Supreme Court of the State of New York, Nassau County
Mar 31, 2006
2006 N.Y. Slip Op. 50610 (N.Y. Sup. Ct. 2006)

Opinion

16654-05.

Decided March 31, 2006.

Wolfe Yukelson, PLLC, Port Washington, New York, Counsel for Petitioners.

Greenberg Traurig, LLP, New York, New York, Counsel for Respondents.


Petitioners move for the judicial dissolution of Nassau Cedarhurst Co. ("Nassau"); the sale of the real property owned by the Nassau; and the appointment of a receiver to direct the dissolution, supervise the sale of Nassau's property, collect the money and distribute the assets; and to authorize the receiver to hire a forensic accountant to examine Nassau's books and records.

Respondents cross-move to dismiss the petition.

BACKGROUND

Nassau is limited partnership that was organized in 1972 for the purpose of owning real property known as 97 Cedarhurst Avenue, Cedarhurst. The ownership of this property has been Nassau's sole and only business since its formation.

At some point, the date of which is not stated, William Schlesinger, Petitioners' father, acquired a seven (7%) percent interest in Nassau as a limited partner. Ruth Schlesinger inherited William Schlesinger's interest in Nassau upon his death.

Petitioners, Peter Schlesinger ("Peter"), Fredric Schlesinger ("Fredric") and Richard Schlesinger ("Richard"), are the children the William and Ruth Schlesinger. They inherited their interest in Nassau upon Ruth Schlesinger's death.

The dates of death of William and Ruth Schlesinger are unknown since they are not stated in the papers and death certificates have not been provided.

Ruth Schlesinger's interest in Nassau was transferred to Peter, Fredric and Richard Schlesinger by the executor of the Estate of Ruth Schlesinger in 1997. Each of the Petitioners owns a 2.333% interest in Nassau.

The initial partners in Nassau executed a limited partnership agreement dated April 15, 1972 ("1972 Agreement"). The 1972 Agreement provided that Nassau would be dissolved on the earlier of April 15, 1997 or the date upon which Nassau sold the property. Nassau never sold the property and continues to own the property to the present.

Schlesinger's application for dissolution is premised upon the fact that, by the terms of the 1972 Agreement, the partnership was to dissolve on April 15, 1997.
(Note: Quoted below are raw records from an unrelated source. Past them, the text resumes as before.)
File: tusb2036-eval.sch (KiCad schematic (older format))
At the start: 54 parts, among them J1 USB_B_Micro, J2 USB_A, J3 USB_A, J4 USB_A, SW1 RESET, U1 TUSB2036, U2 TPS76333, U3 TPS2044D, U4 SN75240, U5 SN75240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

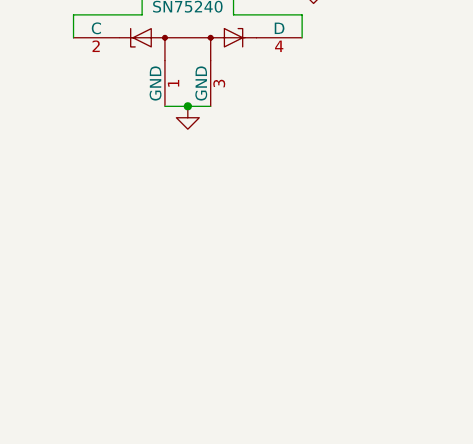
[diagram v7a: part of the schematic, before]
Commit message: Add OSHW logo
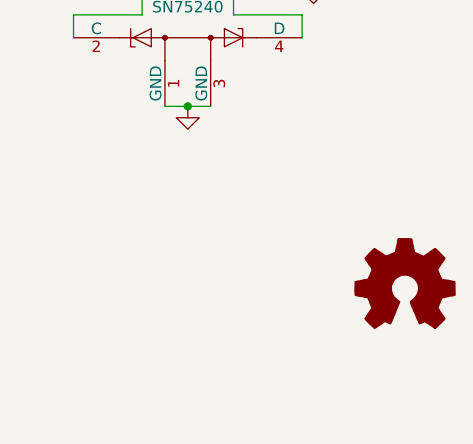
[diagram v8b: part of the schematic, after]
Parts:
- added LOGO1: Logo_Open_Hardware_Small, Symbol:OSHW-Logo2_9.8x8mm_SilkScreen, symbol Graphic:Logo_Open_Hardware_Small
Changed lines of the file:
@@
 Wire Wire Line
 	9350 2850 9350 3050
+$Comp
+L Graphic:Logo_Open_Hardware_Small LOGO1
+U 1 1 6088030F
+P 10200 7100
+F 0 "LOGO1" H 10200 7375 50  0001 C CNN
+F 1 "Logo_Open_Hardware_Small" H 10200 6875 50  0001 C CNN
+F 2 "Symbol:OSHW-Logo2_9.8x8mm_SilkScreen" H 10200 7100 50  0001 C CNN
+F 3 "~" H 10200 7100 50  0001 C CNN
+	1    10200 7100
+	1    0    0    -1
+$EndComp
 $EndSCHEMATC
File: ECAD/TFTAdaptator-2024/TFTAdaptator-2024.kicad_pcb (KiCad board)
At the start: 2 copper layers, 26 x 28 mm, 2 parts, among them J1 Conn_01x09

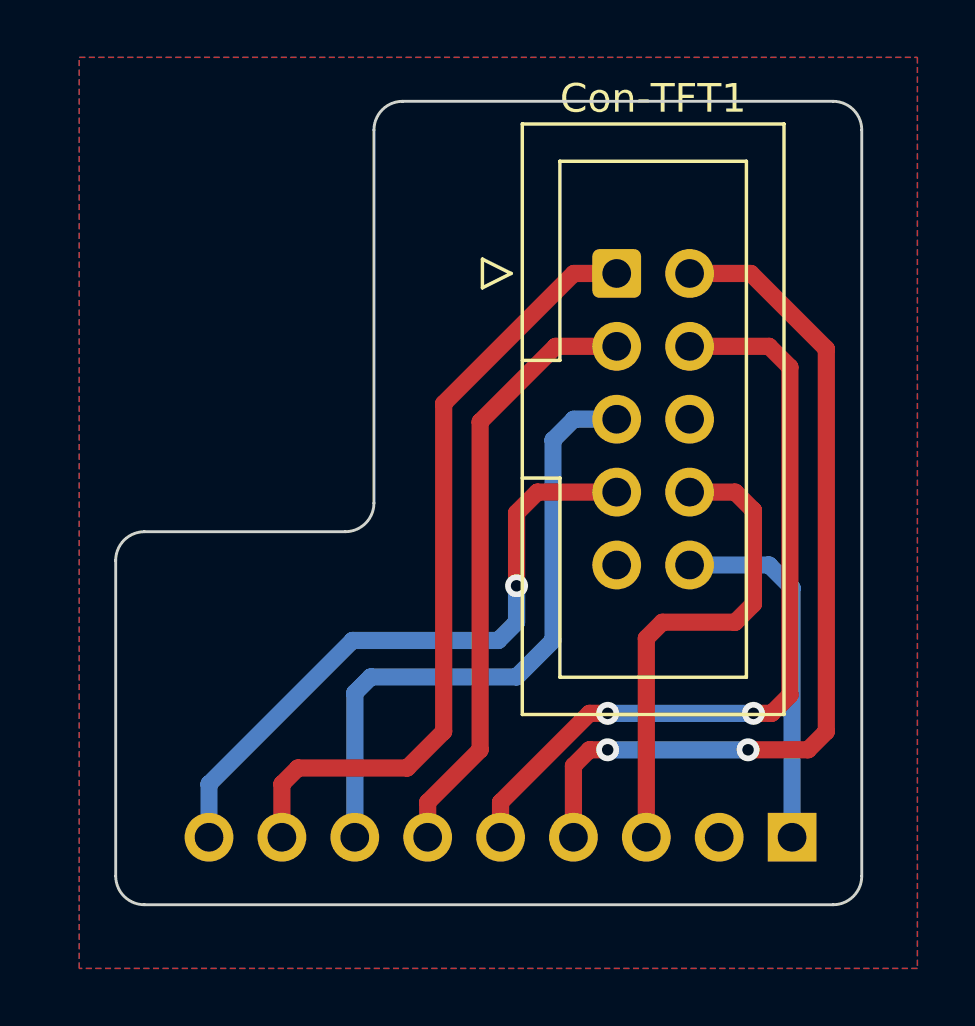
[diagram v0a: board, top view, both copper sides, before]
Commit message: update silkscreen, dimensions and DRC
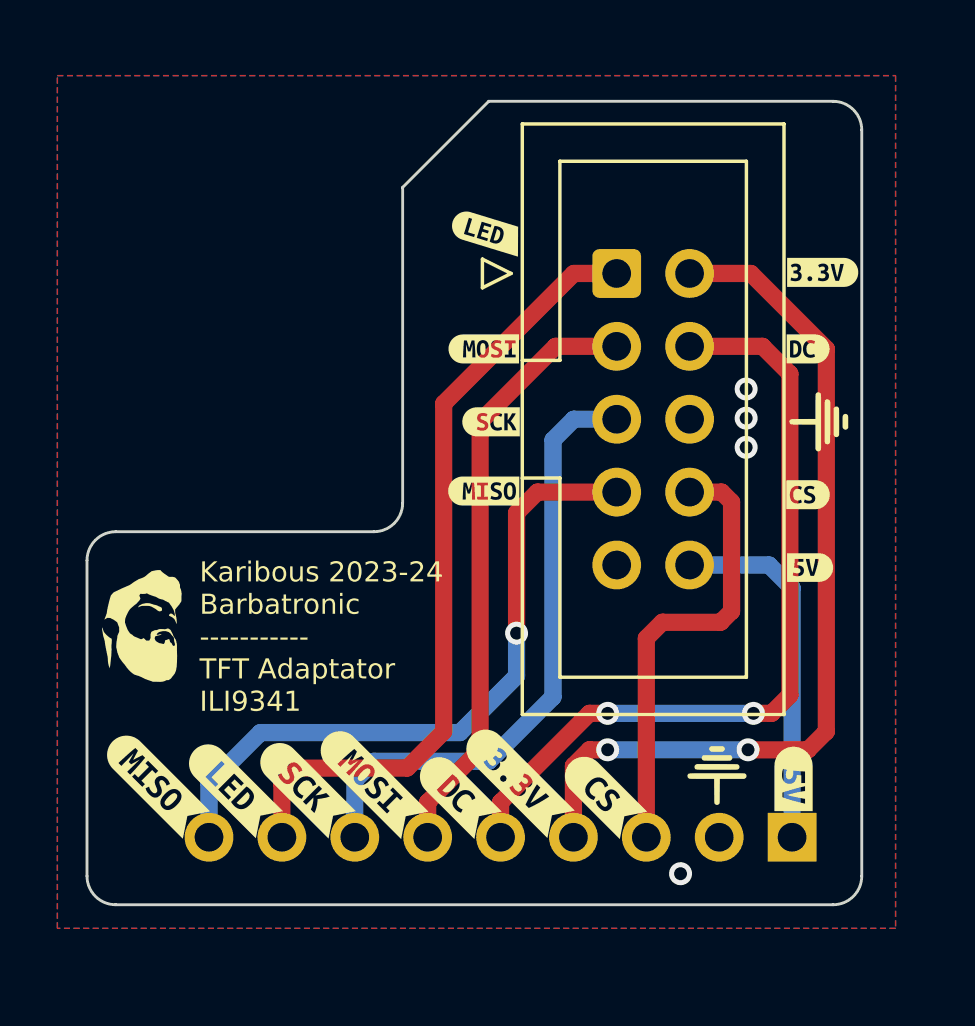
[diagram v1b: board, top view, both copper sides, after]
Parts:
- added G***: LOGO, LOGO, F.Cu at (127.9, 97.3)
- added G***: LOGO, LOGO, F.Cu at (151.5, 90.2)
- added G***: LOGO, LOGO, F.Cu at (148.0, 102.5)
- added kibuzzard-64933136: G***, kibuzzard-64933136, F.Cu at (141.0, 102.6)
- added kibuzzard-64E9C866: G***, kibuzzard-64E9C866, F.Cu at (143.9, 103.1)
- added kibuzzard-64E9C890: G***, kibuzzard-64E9C890, F.Cu at (138.9, 103.1)
- added kibuzzard-64E9C897: G***, kibuzzard-64E9C897, F.Cu at (135.9, 102.7)
- added kibuzzard-64E9C89C: G***, kibuzzard-64E9C89C, F.Cu at (133.6, 102.9)
- added kibuzzard-64E9C8A2: G***, kibuzzard-64E9C8A2, F.Cu at (131.1, 102.9)
- added kibuzzard-64E9CBF9: G***, kibuzzard-64E9CBF9, F.Cu at (150.6, 102.6)
- added kibuzzard-64E9CDB6: G***, kibuzzard-64E9CDB6, F.Cu at (151.1, 87.6)
- added kibuzzard-64E9CDBF: G***, kibuzzard-64E9CDBF, F.Cu at (151.1, 92.7)
- added kibuzzard-64E9CDD4: G***, kibuzzard-64E9CDD4, F.Cu at (151.6, 85.0)
- added kibuzzard-64E9CDE3: G***, kibuzzard-64E9CDE3, F.Cu at (151.2, 95.2)
- added kibuzzard-64E9CE87: G***, kibuzzard-64E9CE87, F.Cu at (139.8, 87.6)
- added kibuzzard-64E9CE8E: G***, kibuzzard-64E9CE8E, F.Cu at (140.1, 90.2)
- added kibuzzard-64E9CE93: G***, kibuzzard-64E9CE93, F.Cu at (139.8, 92.6)
- added kibuzzard-64E9CEBE: G***, kibuzzard-64E9CEBE, F.Cu at (140.0, 83.6)
- added kibuzzard-64E9CFC9: G***, kibuzzard-64E9CFC9, F.Cu at (128.4, 102.8)
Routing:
- net TFT_CS: track 16.9 -> 15.7 mm
- net TFT_MISO: track 22.5 -> 23.6 mm
- net TFT_SCK: track 22.2 -> 21.6 mm
- net GND: vias 0 -> 4
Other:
- board size 26 x 28 mm -> 27 x 28 mm
- board text added: "Karibous 2023-24 Barbatronic ----------- TFT Adaptator ILI9341"

The 1972 Agreement named Gilbert Schlesinger, Gilbert Schlesinger Corp., Bernard Alpren and Basic Consultants Corp. as Nassau's general partners. The 1972 Agreement further indicated that Gilbert Schlesinger and Bernard Alpren were the initial limited partners in Nassau.

The 1972 Agreement designated Gilbert Schlesinger and Bernard Alpren as the managing general partners. It provided that, upon the death of Gilbert Schlesinger or upon his being unable to participate in the management of Nassau, Gilbert Schlesinger Corp. would succeed to his position as managing partner. The 1972 Agreement further provided that, upon the death of Bernard Alpren or upon his being unable to participate in the management of Nassau, Basic Consultants Corp. would succeed to his interest as managing partner.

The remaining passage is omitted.